Much of barbaric and ancient method of execution was removed when Daendels was in rule as Governor-General in 1808. Daendels' administration later issued Edict of 22 April 1808 and established general procedure for execution. Outside military-at-war executions and executions of rebelled soldiers that subject to the respective military commanding officers at-field, all civilian executions are subject to Governor-General discretion and approval papers. During the time of Daendels' administration, hanging is not included in approved methods for execution. However, Daendels introduced various novel cruel execution methods such as burning at the stake, execution by kris stabbing, execution by scorching iron branding, execution by bludgeoning, and penal works to death.

Daendels' edict was in effect until 1848. When Jan Jacob Rochussen become Governor-General for 1845-1851 period, after reviewing Daendel's edict, Rochussen issued Interim Penalty Provisions Intermaire Strafbepelingen of 1848, which returning hanging as execution method and set it as sole approved execution method. During James Loudon time as Governor-General for 1872-1875, he codified Wetboek van Strafrecht voor Inlanders, Inlander Criminal Code of 1873, which become in effect on 1 January 1873. The criminal code retains hanging as execution method, despite the Dutch already abolished capital punishment in Netherlands since 1870. By code, hanging is applied to murderers, thieves, aggravated robbers and extortionists, pirates, and criminals committing crimes against state security. However, hanging also applied to other crimes as well. Based on surviving Dutch East Indies papers archived at National Archives of Indonesia, due to high crime rates in Batavia at this period, hanging also applied to rapists, kidnappers, assaulters, blue-on-blue military fratriciders, and street brawlers.

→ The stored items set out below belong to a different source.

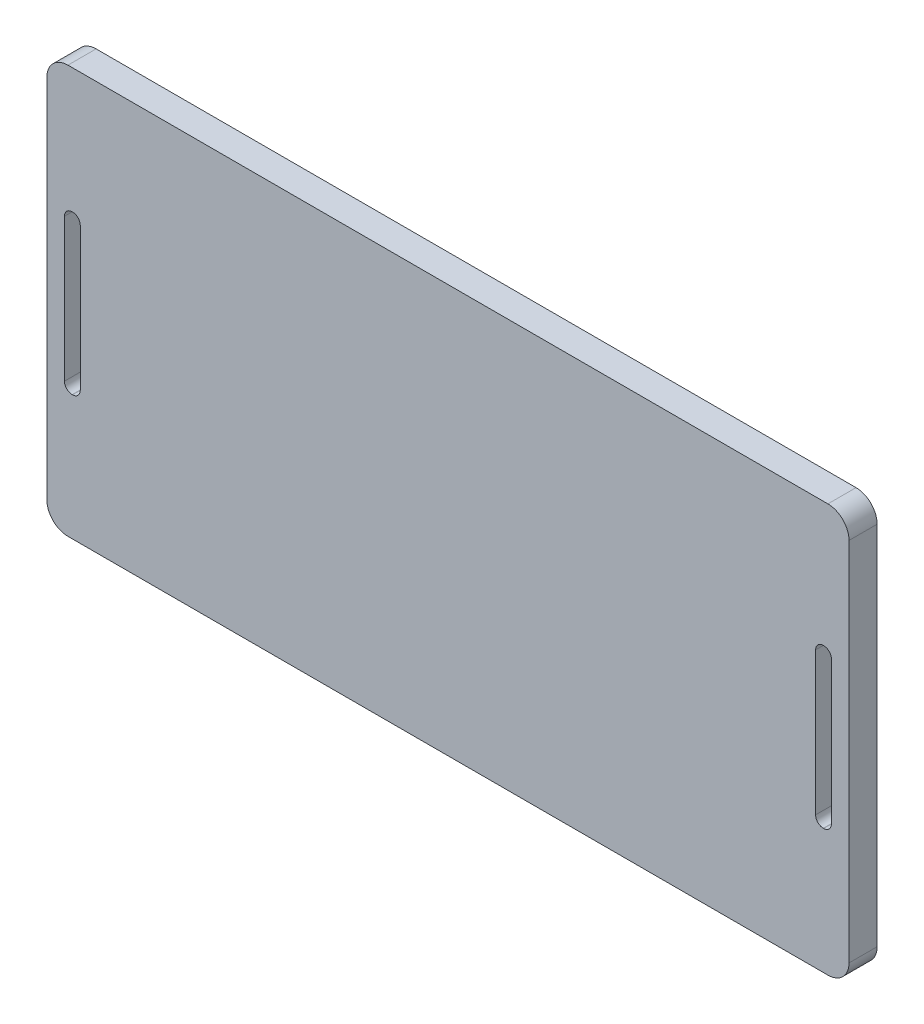
ISO-10303-21;
HEADER;
FILE_DESCRIPTION(('STEP AP214'),'2;1');
FILE_NAME('part.step','',(''),(''),'','','');
FILE_SCHEMA(('AUTOMOTIVE_DESIGN { 1 0 10303 214 1 1 1 1 }'));
ENDSEC;
DATA;
#1=APPLICATION_CONTEXT('core data for automotive mechanical design processes');
#2=APPLICATION_PROTOCOL_DEFINITION('international standard','automotive_design',2000,#1);
#3=PRODUCT_CONTEXT('',#1,'mechanical');
#4=PRODUCT('Part','Part','',(#3));
#5=PRODUCT_RELATED_PRODUCT_CATEGORY('part','',(#4));
#6=PRODUCT_DEFINITION_FORMATION('','',#4);
#7=PRODUCT_DEFINITION_CONTEXT('part definition',#1,'design');
#8=PRODUCT_DEFINITION('design','',#6,#7);
#9=PRODUCT_DEFINITION_SHAPE('','',#8);
#10=(LENGTH_UNIT() NAMED_UNIT(*) SI_UNIT(.MILLI.,.METRE.));
#11=(NAMED_UNIT(*) PLANE_ANGLE_UNIT() SI_UNIT($,.RADIAN.));
#12=(NAMED_UNIT(*) SI_UNIT($,.STERADIAN.) SOLID_ANGLE_UNIT());
#13=UNCERTAINTY_MEASURE_WITH_UNIT(LENGTH_MEASURE(1.E-05),#10,'distance_accuracy_value','');
#14=(GEOMETRIC_REPRESENTATION_CONTEXT(3) GLOBAL_UNCERTAINTY_ASSIGNED_CONTEXT((#13)) GLOBAL_UNIT_ASSIGNED_CONTEXT((#10,
#11,#12)) REPRESENTATION_CONTEXT('',''));
#15=CARTESIAN_POINT('',(0.,0.,0.));
#16=DIRECTION('',(0.,0.,1.));
#17=DIRECTION('',(1.,0.,0.));
#18=AXIS2_PLACEMENT_3D('',#15,#16,#17);
#19=CARTESIAN_POINT('',(830.835603050682,819.114300050581,8.));
#20=DIRECTION('',(0.,0.,-1.));
#21=DIRECTION('',(-1.,0.,0.));
#22=AXIS2_PLACEMENT_3D('',#19,#20,#21);
#23=CYLINDRICAL_SURFACE('',#22,6.00000000000001);
#24=CARTESIAN_POINT('',(830.835603050682,819.114300050581,0.));
#25=DIRECTION('',(0.,0.,1.));
#26=DIRECTION('',(-1.,0.,0.));
#27=AXIS2_PLACEMENT_3D('',#24,#25,#26);
#28=CIRCLE('',#27,6.00000000000001);
#29=CARTESIAN_POINT('',(836.835603050682,819.114300050581,0.));
#30=VERTEX_POINT('',#29);
#31=CARTESIAN_POINT('',(830.835603050682,825.114300050581,0.));
#32=VERTEX_POINT('',#31);
#33=EDGE_CURVE('E334',#30,#32,#28,.T.);
#34=ORIENTED_EDGE('',*,*,#33,.T.);
#35=DIRECTION('',(0.,0.,-1.));
#36=VECTOR('',#35,1.);
#37=CARTESIAN_POINT('',(830.835603050682,825.114300050581,8.));
#38=LINE('',#37,#36);
#39=CARTESIAN_POINT('',(830.835603050682,825.114300050581,8.));
#40=VERTEX_POINT('',#39);
#41=EDGE_CURVE('E11',#40,#32,#38,.T.);
#42=ORIENTED_EDGE('',*,*,#41,.F.);
#43=CARTESIAN_POINT('',(830.835603050682,819.114300050581,8.));
#44=DIRECTION('',(0.,0.,1.));
#45=DIRECTION('',(-1.,0.,0.));
#46=AXIS2_PLACEMENT_3D('',#43,#44,#45);
#47=CIRCLE('',#46,6.00000000000001);
#48=CARTESIAN_POINT('',(836.835603050682,819.114300050581,8.));
#49=VERTEX_POINT('',#48);
#50=EDGE_CURVE('E331',#49,#40,#47,.T.);
#51=ORIENTED_EDGE('',*,*,#50,.F.);
#52=DIRECTION('',(0.,0.,-1.));
#53=VECTOR('',#52,1.);
#54=CARTESIAN_POINT('',(836.835603050682,819.114300050581,8.));
#55=LINE('',#54,#53);
#56=EDGE_CURVE('E355',#49,#30,#55,.T.);
#57=ORIENTED_EDGE('',*,*,#56,.T.);
#58=EDGE_LOOP('',(#34,#42,#51,#57));
#59=FACE_BOUND('',#58,.T.);
#60=ADVANCED_FACE('F36',(#59),#23,.T.);
#61=CARTESIAN_POINT('',(614.835603050682,825.114300050581,8.));
#62=DIRECTION('',(0.,-1.,0.));
#63=DIRECTION('',(0.,0.,-1.));
#64=AXIS2_PLACEMENT_3D('',#61,#62,#63);
#65=PLANE('',#64);
#66=DIRECTION('',(-1.,0.,0.));
#67=VECTOR('',#66,1.);
#68=CARTESIAN_POINT('',(614.835603050682,825.114300050581,0.));
#69=LINE('',#68,#67);
#70=CARTESIAN_POINT('',(614.835603050682,825.114300050581,0.));
#71=VERTEX_POINT('',#70);
#72=EDGE_CURVE('E353',#32,#71,#69,.T.);
#73=ORIENTED_EDGE('',*,*,#72,.T.);
#74=DIRECTION('',(0.,0.,-1.));
#75=VECTOR('',#74,1.);
#76=CARTESIAN_POINT('',(614.835603050682,825.114300050581,8.));
#77=LINE('',#76,#75);
#78=CARTESIAN_POINT('',(614.835603050682,825.114300050581,8.));
#79=VERTEX_POINT('',#78);
#80=EDGE_CURVE('E44',#79,#71,#77,.T.);
#81=ORIENTED_EDGE('',*,*,#80,.F.);
#82=DIRECTION('',(-1.,0.,0.));
#83=VECTOR('',#82,1.);
#84=CARTESIAN_POINT('',(614.835603050682,825.114300050581,8.));
#85=LINE('',#84,#83);
#86=EDGE_CURVE('E340',#40,#79,#85,.T.);
#87=ORIENTED_EDGE('',*,*,#86,.F.);
#88=ORIENTED_EDGE('',*,*,#41,.T.);
#89=EDGE_LOOP('',(#73,#81,#87,#88));
#90=FACE_BOUND('',#89,.T.);
#91=ADVANCED_FACE('F411',(#90),#65,.F.);
#92=CARTESIAN_POINT('',(614.835603050682,819.114300050581,8.));
#93=DIRECTION('',(0.,0.,-1.));
#94=DIRECTION('',(-1.,0.,0.));
#95=AXIS2_PLACEMENT_3D('',#92,#93,#94);
#96=CYLINDRICAL_SURFACE('',#95,6.00000000000001);
#97=CARTESIAN_POINT('',(614.835603050682,819.114300050581,0.));
#98=DIRECTION('',(0.,0.,1.));
#99=DIRECTION('',(1.,0.,0.));
#100=AXIS2_PLACEMENT_3D('',#97,#98,#99);
#101=CIRCLE('',#100,6.00000000000001);
#102=CARTESIAN_POINT('',(608.835603050682,819.114300050581,0.));
#103=VERTEX_POINT('',#102);
#104=EDGE_CURVE('E360',#71,#103,#101,.T.);
#105=ORIENTED_EDGE('',*,*,#104,.T.);
#106=DIRECTION('',(0.,0.,-1.));
#107=VECTOR('',#106,1.);
#108=CARTESIAN_POINT('',(608.835603050682,819.114300050581,8.));
#109=LINE('',#108,#107);
#110=CARTESIAN_POINT('',(608.835603050682,819.114300050581,8.));
#111=VERTEX_POINT('',#110);
#112=EDGE_CURVE('E385',#111,#103,#109,.T.);
#113=ORIENTED_EDGE('',*,*,#112,.F.);
#114=CARTESIAN_POINT('',(614.835603050682,819.114300050581,8.));
#115=DIRECTION('',(0.,0.,1.));
#116=DIRECTION('',(1.,0.,0.));
#117=AXIS2_PLACEMENT_3D('',#114,#115,#116);
#118=CIRCLE('',#117,6.00000000000001);
#119=EDGE_CURVE('E338',#79,#111,#118,.T.);
#120=ORIENTED_EDGE('',*,*,#119,.F.);
#121=ORIENTED_EDGE('',*,*,#80,.T.);
#122=EDGE_LOOP('',(#105,#113,#120,#121));
#123=FACE_BOUND('',#122,.T.);
#124=ADVANCED_FACE('F386',(#123),#96,.T.);
#125=CARTESIAN_POINT('',(608.835603050682,715.114300050581,8.));
#126=DIRECTION('',(1.,0.,0.));
#127=DIRECTION('',(0.,0.,-1.));
#128=AXIS2_PLACEMENT_3D('',#125,#126,#127);
#129=PLANE('',#128);
#130=DIRECTION('',(0.,-1.,0.));
#131=VECTOR('',#130,1.);
#132=CARTESIAN_POINT('',(608.835603050682,715.114300050581,0.));
#133=LINE('',#132,#131);
#134=CARTESIAN_POINT('',(608.835603050682,715.114300050581,0.));
#135=VERTEX_POINT('',#134);
#136=EDGE_CURVE('E357',#103,#135,#133,.T.);
#137=ORIENTED_EDGE('',*,*,#136,.T.);
#138=DIRECTION('',(0.,0.,-1.));
#139=VECTOR('',#138,1.);
#140=CARTESIAN_POINT('',(608.835603050682,715.114300050581,8.));
#141=LINE('',#140,#139);
#142=CARTESIAN_POINT('',(608.835603050682,715.114300050581,8.));
#143=VERTEX_POINT('',#142);
#144=EDGE_CURVE('E377',#143,#135,#141,.T.);
#145=ORIENTED_EDGE('',*,*,#144,.F.);
#146=DIRECTION('',(0.,-1.,0.));
#147=VECTOR('',#146,1.);
#148=CARTESIAN_POINT('',(608.835603050682,715.114300050581,8.));
#149=LINE('',#148,#147);
#150=EDGE_CURVE('E345',#111,#143,#149,.T.);
#151=ORIENTED_EDGE('',*,*,#150,.F.);
#152=ORIENTED_EDGE('',*,*,#112,.T.);
#153=EDGE_LOOP('',(#137,#145,#151,#152));
#154=FACE_BOUND('',#153,.T.);
#155=ADVANCED_FACE('F397',(#154),#129,.F.);
#156=CARTESIAN_POINT('',(614.835603050682,715.114300050581,8.));
#157=DIRECTION('',(0.,0.,-1.));
#158=DIRECTION('',(-1.,0.,0.));
#159=AXIS2_PLACEMENT_3D('',#156,#157,#158);
#160=CYLINDRICAL_SURFACE('',#159,6.00000000000001);
#161=CARTESIAN_POINT('',(614.835603050682,715.114300050581,0.));
#162=DIRECTION('',(0.,0.,1.));
#163=DIRECTION('',(-1.,0.,0.));
#164=AXIS2_PLACEMENT_3D('',#161,#162,#163);
#165=CIRCLE('',#164,6.00000000000001);
#166=CARTESIAN_POINT('',(614.835603050682,709.114300050581,0.));
#167=VERTEX_POINT('',#166);
#168=EDGE_CURVE('E363',#135,#167,#165,.T.);
#169=ORIENTED_EDGE('',*,*,#168,.T.);
#170=DIRECTION('',(0.,0.,-1.));
#171=VECTOR('',#170,1.);
#172=CARTESIAN_POINT('',(614.835603050682,709.114300050581,8.));
#173=LINE('',#172,#171);
#174=CARTESIAN_POINT('',(614.835603050682,709.114300050581,8.));
#175=VERTEX_POINT('',#174);
#176=EDGE_CURVE('E376',#175,#167,#173,.T.);
#177=ORIENTED_EDGE('',*,*,#176,.F.);
#178=CARTESIAN_POINT('',(614.835603050682,715.114300050581,8.));
#179=DIRECTION('',(0.,0.,1.));
#180=DIRECTION('',(-1.,0.,0.));
#181=AXIS2_PLACEMENT_3D('',#178,#179,#180);
#182=CIRCLE('',#181,6.00000000000001);
#183=EDGE_CURVE('E342',#143,#175,#182,.T.);
#184=ORIENTED_EDGE('',*,*,#183,.F.);
#185=ORIENTED_EDGE('',*,*,#144,.T.);
#186=EDGE_LOOP('',(#169,#177,#184,#185));
#187=FACE_BOUND('',#186,.T.);
#188=ADVANCED_FACE('F401',(#187),#160,.T.);
#189=CARTESIAN_POINT('',(614.835603050682,709.114300050581,8.));
#190=DIRECTION('',(0.,1.,0.));
#191=DIRECTION('',(0.,0.,1.));
#192=AXIS2_PLACEMENT_3D('',#189,#190,#191);
#193=PLANE('',#192);
#194=DIRECTION('',(1.,0.,0.));
#195=VECTOR('',#194,1.);
#196=CARTESIAN_POINT('',(614.835603050682,709.114300050581,0.));
#197=LINE('',#196,#195);
#198=CARTESIAN_POINT('',(830.835603050682,709.114300050581,0.));
#199=VERTEX_POINT('',#198);
#200=EDGE_CURVE('E361',#167,#199,#197,.T.);
#201=ORIENTED_EDGE('',*,*,#200,.T.);
#202=DIRECTION('',(0.,0.,-1.));
#203=VECTOR('',#202,1.);
#204=CARTESIAN_POINT('',(830.835603050682,709.114300050581,8.));
#205=LINE('',#204,#203);
#206=CARTESIAN_POINT('',(830.835603050682,709.114300050581,8.));
#207=VERTEX_POINT('',#206);
#208=EDGE_CURVE('E373',#207,#199,#205,.T.);
#209=ORIENTED_EDGE('',*,*,#208,.F.);
#210=DIRECTION('',(1.,0.,0.));
#211=VECTOR('',#210,1.);
#212=CARTESIAN_POINT('',(614.835603050682,709.114300050581,8.));
#213=LINE('',#212,#211);
#214=EDGE_CURVE('E347',#175,#207,#213,.T.);
#215=ORIENTED_EDGE('',*,*,#214,.F.);
#216=ORIENTED_EDGE('',*,*,#176,.T.);
#217=EDGE_LOOP('',(#201,#209,#215,#216));
#218=FACE_BOUND('',#217,.T.);
#219=ADVANCED_FACE('F424',(#218),#193,.F.);
#220=CARTESIAN_POINT('',(830.835603050682,715.114300050581,8.));
#221=DIRECTION('',(0.,0.,-1.));
#222=DIRECTION('',(-1.,0.,0.));
#223=AXIS2_PLACEMENT_3D('',#220,#221,#222);
#224=CYLINDRICAL_SURFACE('',#223,6.00000000000001);
#225=CARTESIAN_POINT('',(830.835603050682,715.114300050581,0.));
#226=DIRECTION('',(0.,0.,1.));
#227=DIRECTION('',(-1.,0.,0.));
#228=AXIS2_PLACEMENT_3D('',#225,#226,#227);
#229=CIRCLE('',#228,6.00000000000001);
#230=CARTESIAN_POINT('',(836.835603050682,715.114300050581,0.));
#231=VERTEX_POINT('',#230);
#232=EDGE_CURVE('E364',#199,#231,#229,.T.);
#233=ORIENTED_EDGE('',*,*,#232,.T.);
#234=DIRECTION('',(0.,0.,-1.));
#235=VECTOR('',#234,1.);
#236=CARTESIAN_POINT('',(836.835603050682,715.114300050581,8.));
#237=LINE('',#236,#235);
#238=CARTESIAN_POINT('',(836.835603050682,715.114300050581,8.));
#239=VERTEX_POINT('',#238);
#240=EDGE_CURVE('E367',#239,#231,#237,.T.);
#241=ORIENTED_EDGE('',*,*,#240,.F.);
#242=CARTESIAN_POINT('',(830.835603050682,715.114300050581,8.));
#243=DIRECTION('',(0.,0.,1.));
#244=DIRECTION('',(-1.,0.,0.));
#245=AXIS2_PLACEMENT_3D('',#242,#243,#244);
#246=CIRCLE('',#245,6.00000000000001);
#247=EDGE_CURVE('E346',#207,#239,#246,.T.);
#248=ORIENTED_EDGE('',*,*,#247,.F.);
#249=ORIENTED_EDGE('',*,*,#208,.T.);
#250=EDGE_LOOP('',(#233,#241,#248,#249));
#251=FACE_BOUND('',#250,.T.);
#252=ADVANCED_FACE('F425',(#251),#224,.T.);
#253=CARTESIAN_POINT('',(836.835603050682,715.114300050581,8.));
#254=DIRECTION('',(-1.,0.,0.));
#255=DIRECTION('',(0.,0.,1.));
#256=AXIS2_PLACEMENT_3D('',#253,#254,#255);
#257=PLANE('',#256);
#258=DIRECTION('',(0.,1.,0.));
#259=VECTOR('',#258,1.);
#260=CARTESIAN_POINT('',(836.835603050682,715.114300050581,0.));
#261=LINE('',#260,#259);
#262=EDGE_CURVE('E339',#231,#30,#261,.T.);
#263=ORIENTED_EDGE('',*,*,#262,.T.);
#264=ORIENTED_EDGE('',*,*,#56,.F.);
#265=DIRECTION('',(0.,1.,0.));
#266=VECTOR('',#265,1.);
#267=CARTESIAN_POINT('',(836.835603050682,715.114300050581,8.));
#268=LINE('',#267,#266);
#269=EDGE_CURVE('E348',#239,#49,#268,.T.);
#270=ORIENTED_EDGE('',*,*,#269,.F.);
#271=ORIENTED_EDGE('',*,*,#240,.T.);
#272=EDGE_LOOP('',(#263,#264,#270,#271));
#273=FACE_BOUND('',#272,.T.);
#274=ADVANCED_FACE('F417',(#273),#257,.F.);
#275=CARTESIAN_POINT('',(830.835603050682,819.114300050581,8.));
#276=DIRECTION('',(0.,0.,-1.));
#277=DIRECTION('',(-1.,0.,0.));
#278=AXIS2_PLACEMENT_3D('',#275,#276,#277);
#279=PLANE('',#278);
#280=DIRECTION('',(0.,-1.,0.));
#281=VECTOR('',#280,1.);
#282=CARTESIAN_POINT('',(618.335603050682,819.114300050581,8.));
#283=LINE('',#282,#281);
#284=CARTESIAN_POINT('',(618.335603050682,787.414300050581,8.));
#285=VERTEX_POINT('',#284);
#286=CARTESIAN_POINT('',(618.335603050682,746.814300050581,8.));
#287=VERTEX_POINT('',#286);
#288=EDGE_CURVE('E330',#285,#287,#283,.T.);
#289=ORIENTED_EDGE('',*,*,#288,.T.);
#290=CARTESIAN_POINT('',(616.135603050682,746.814300050581,8.));
#291=DIRECTION('',(0.,0.,-1.));
#292=DIRECTION('',(-1.,0.,0.));
#293=AXIS2_PLACEMENT_3D('',#290,#291,#292);
#294=CIRCLE('',#293,2.19999999999998);
#295=CARTESIAN_POINT('',(616.135603050682,744.614300050581,8.));
#296=VERTEX_POINT('',#295);
#297=EDGE_CURVE('E329',#287,#296,#294,.T.);
#298=ORIENTED_EDGE('',*,*,#297,.T.);
#299=DIRECTION('',(-1.,1.11022302462528E-12,0.));
#300=VECTOR('',#299,1.);
#301=CARTESIAN_POINT('',(830.835603050599,744.614300050343,8.));
#302=LINE('',#301,#300);
#303=CARTESIAN_POINT('',(616.035603050682,744.614300050581,8.));
#304=VERTEX_POINT('',#303);
#305=EDGE_CURVE('E315',#296,#304,#302,.T.);
#306=ORIENTED_EDGE('',*,*,#305,.T.);
#307=CARTESIAN_POINT('',(616.035603050682,746.814300050581,8.));
#308=DIRECTION('',(0.,0.,-1.));
#309=DIRECTION('',(-1.,0.,0.));
#310=AXIS2_PLACEMENT_3D('',#307,#308,#309);
#311=CIRCLE('',#310,2.19999999999998);
#312=CARTESIAN_POINT('',(613.835603050682,746.814300050581,8.));
#313=VERTEX_POINT('',#312);
#314=EDGE_CURVE('E201',#304,#313,#311,.T.);
#315=ORIENTED_EDGE('',*,*,#314,.T.);
#316=DIRECTION('',(0.,1.,0.));
#317=VECTOR('',#316,1.);
#318=CARTESIAN_POINT('',(613.835603050682,819.114300050581,8.));
#319=LINE('',#318,#317);
#320=CARTESIAN_POINT('',(613.835603050682,787.414300050581,8.));
#321=VERTEX_POINT('',#320);
#322=EDGE_CURVE('E312',#313,#321,#319,.T.);
#323=ORIENTED_EDGE('',*,*,#322,.T.);
#324=CARTESIAN_POINT('',(616.035603050682,787.414300050581,8.));
#325=DIRECTION('',(0.,0.,-1.));
#326=DIRECTION('',(-1.,0.,0.));
#327=AXIS2_PLACEMENT_3D('',#324,#325,#326);
#328=CIRCLE('',#327,2.20000000000004);
#329=CARTESIAN_POINT('',(616.035603050682,789.614300050581,8.));
#330=VERTEX_POINT('',#329);
#331=EDGE_CURVE('E318',#321,#330,#328,.T.);
#332=ORIENTED_EDGE('',*,*,#331,.T.);
#333=DIRECTION('',(1.,0.,0.));
#334=VECTOR('',#333,1.);
#335=CARTESIAN_POINT('',(830.835603050682,789.614300050581,8.));
#336=LINE('',#335,#334);
#337=CARTESIAN_POINT('',(616.135603050682,789.614300050581,8.));
#338=VERTEX_POINT('',#337);
#339=EDGE_CURVE('E321',#330,#338,#336,.T.);
#340=ORIENTED_EDGE('',*,*,#339,.T.);
#341=CARTESIAN_POINT('',(616.135603050682,787.414300050581,8.));
#342=DIRECTION('',(0.,0.,-1.));
#343=DIRECTION('',(-1.,0.,0.));
#344=AXIS2_PLACEMENT_3D('',#341,#342,#343);
#345=CIRCLE('',#344,2.19999999999998);
#346=EDGE_CURVE('E322',#338,#285,#345,.T.);
#347=ORIENTED_EDGE('',*,*,#346,.T.);
#348=EDGE_LOOP('',(#289,#298,#306,#315,#323,#332,#340,#347));
#349=FACE_BOUND('',#348,.T.);
#350=DIRECTION('',(0.,1.,0.));
#351=VECTOR('',#350,1.);
#352=CARTESIAN_POINT('',(827.335603050682,819.114300050581,8.));
#353=LINE('',#352,#351);
#354=CARTESIAN_POINT('',(827.335603050682,746.814300050581,8.));
#355=VERTEX_POINT('',#354);
#356=CARTESIAN_POINT('',(827.335603050682,787.414300050581,8.));
#357=VERTEX_POINT('',#356);
#358=EDGE_CURVE('E308',#355,#357,#353,.T.);
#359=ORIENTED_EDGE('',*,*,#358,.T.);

Under Inlander Criminal Code of 1873, executions were performed by public hanging at town parks and may be considered barbaric, as the hanging was performed by short drop style, in which three executioners played their role in the death of the condemned prisoner. One would open a trap door, one would pull the legs of the prisoner, and another would push the prisoner's shoulder below, so the condemned prisoner's death was hastened. The hanging also often not employed hood, as recorded by Dutch chronicler Justus van Maurik which recorded the execution scenes in his 1897 book "Indrukken van een “Totok,” Indische type en schetsen". One condemned prisoner, even experienced "horrific facial changes, bulged eyes, extremely protruding tongue, and blood discharge from body orifices" during this kind of hanging as recorded by him. The last person executed by this way was Tjoe Boen Tjiang, a Chinese young man that murdered two girls out of rage because the girls' father and also their husbands forbidding him to smoke the cigar. He was executed in 1896, and his execution that was reported by van Maurik in his 1897 book.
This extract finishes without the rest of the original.